Add this offense to the list: An elder in my church has had prison ministry for years. He reported a couple of months ago that the prison has cut back on the number of men who can attend worship services from anyone who wants to go down to 5-10. He says there are a lot of men who have been suddenly completely cut off from prison worship services. In addition, if one prisoner steps out of line, the worship services are immediately canceled.

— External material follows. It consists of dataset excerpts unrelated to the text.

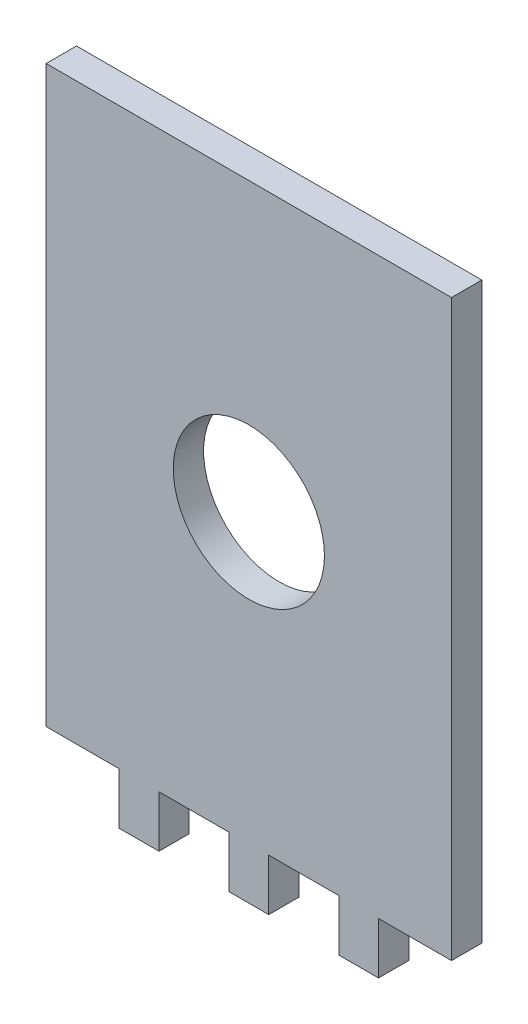
from build123d import *

# Parameters (mm, degrees)
SKETCH1_W           = 42.3
SKETCH1_H           = 60
SKETCH1_R           = 8
SKETCH1_W_2         = 4
SKETCH1_H_2         = 5.4
BOSS_EXTRUDE1_DEPTH = 3.175
SKETCH2_R           = 7.95936
BOSS_EXTRUDE3_DEPTH = 3.175
SKETCH3_R           = 7.91872
BOSS_EXTRUDE4_DEPTH = 3.175


with BuildPart() as part:
    # Sketch1 → Boss-Extrude1 (new body)
    with BuildSketch(Plane.XY):
        Rectangle(SKETCH1_W, SKETCH1_H)
        Circle(SKETCH1_R, mode=Mode.SUBTRACT)
        with Locations((0, -32.7)):
            Rectangle(SKETCH1_W_2, SKETCH1_H_2)
        with Locations((-11.5, -32.7)):
            Rectangle(SKETCH1_W_2, SKETCH1_H_2)
        with Locations((11.5, -32.7)):
            Rectangle(SKETCH1_W_2, SKETCH1_H_2)
    extrude(amount=BOSS_EXTRUDE1_DEPTH)

    # Sketch2 → Boss-Extrude3 (add)
    with BuildSketch(Plane.XY.offset(3.175)):
        Polygon((21.19064, -30.04064), (21.19064, 30.04064), (-21.19064, 30.04064), (-21.19064, -30.04064), (-13.54064, -30.04064), (-13.54064, -35.44064), (-9.45936, -35.44064), (-9.45936, -30.04064), (-2.04064, -30.04064), (-2.04064, -35.44064), (2.04064, -35.44064), (2.04064, -30.04064), (9.45936, -30.04064), (9.45936, -35.44064), (13.54064, -35.44064), (13.54064, -30.04064), align=None)
        Circle(SKETCH2_R, mode=Mode.SUBTRACT)
    extrude(amount=-BOSS_EXTRUDE3_DEPTH)

    # Sketch3 → Boss-Extrude4 (add)
    with BuildSketch(Plane.XY.offset(3.175)):
        Polygon((-21.23128, 30.08128), (-21.23128, -30.08128), (-13.58128, -30.08128), (-13.58128, -35.48128), (-9.41872, -35.48128), (-9.41872, -30.08128), (-2.08128, -30.08128), (-2.08128, -35.48128), (2.08128, -35.48128), (2.08128, -30.08128), (9.41872, -30.08128), (9.41872, -35.48128), (13.58128, -35.48128), (13.58128, -30.08128), (21.23128, -30.08128), (21.23128, 30.08128), align=None)
        Circle(SKETCH3_R, mode=Mode.SUBTRACT)
    extrude(amount=-BOSS_EXTRUDE4_DEPTH)


solid = part.part

Makes me wonder what is going on.


----------



## calgal (Sep 22, 2007)

JBaldwin said:


> Add this offense to the list: An elder in my church has had prison ministry for years. He reported a couple of months ago that the prison has cut back on the number of men who can attend worship services from anyone who wants to go down to 5-10. He says there are a lot of men who have been suddenly completely cut off from prison worship services. In addition, if one prisoner steps out of line, the worship services are immediately canceled.
> 
> Makes me wonder what is going on.



A few thoughts in defense of the prison staff: The cons use worship services to run their gang operations? Then there are the cons who will say anything to look good in front of their parole boards. They will say all the right things and feign emotions that truly do not exist to get someone to do things for them. Any activities in a prison like working or church are rewards for good behavior. Lastly, A lot of people "find Jesus" in jail then go right back to their criminal ways the minute they leave church or the prison.  Not to be cynical but the prisons are trying to take control of their inmates is what it sounds like, not a "gotta get religion out of the prisons" movement.


----------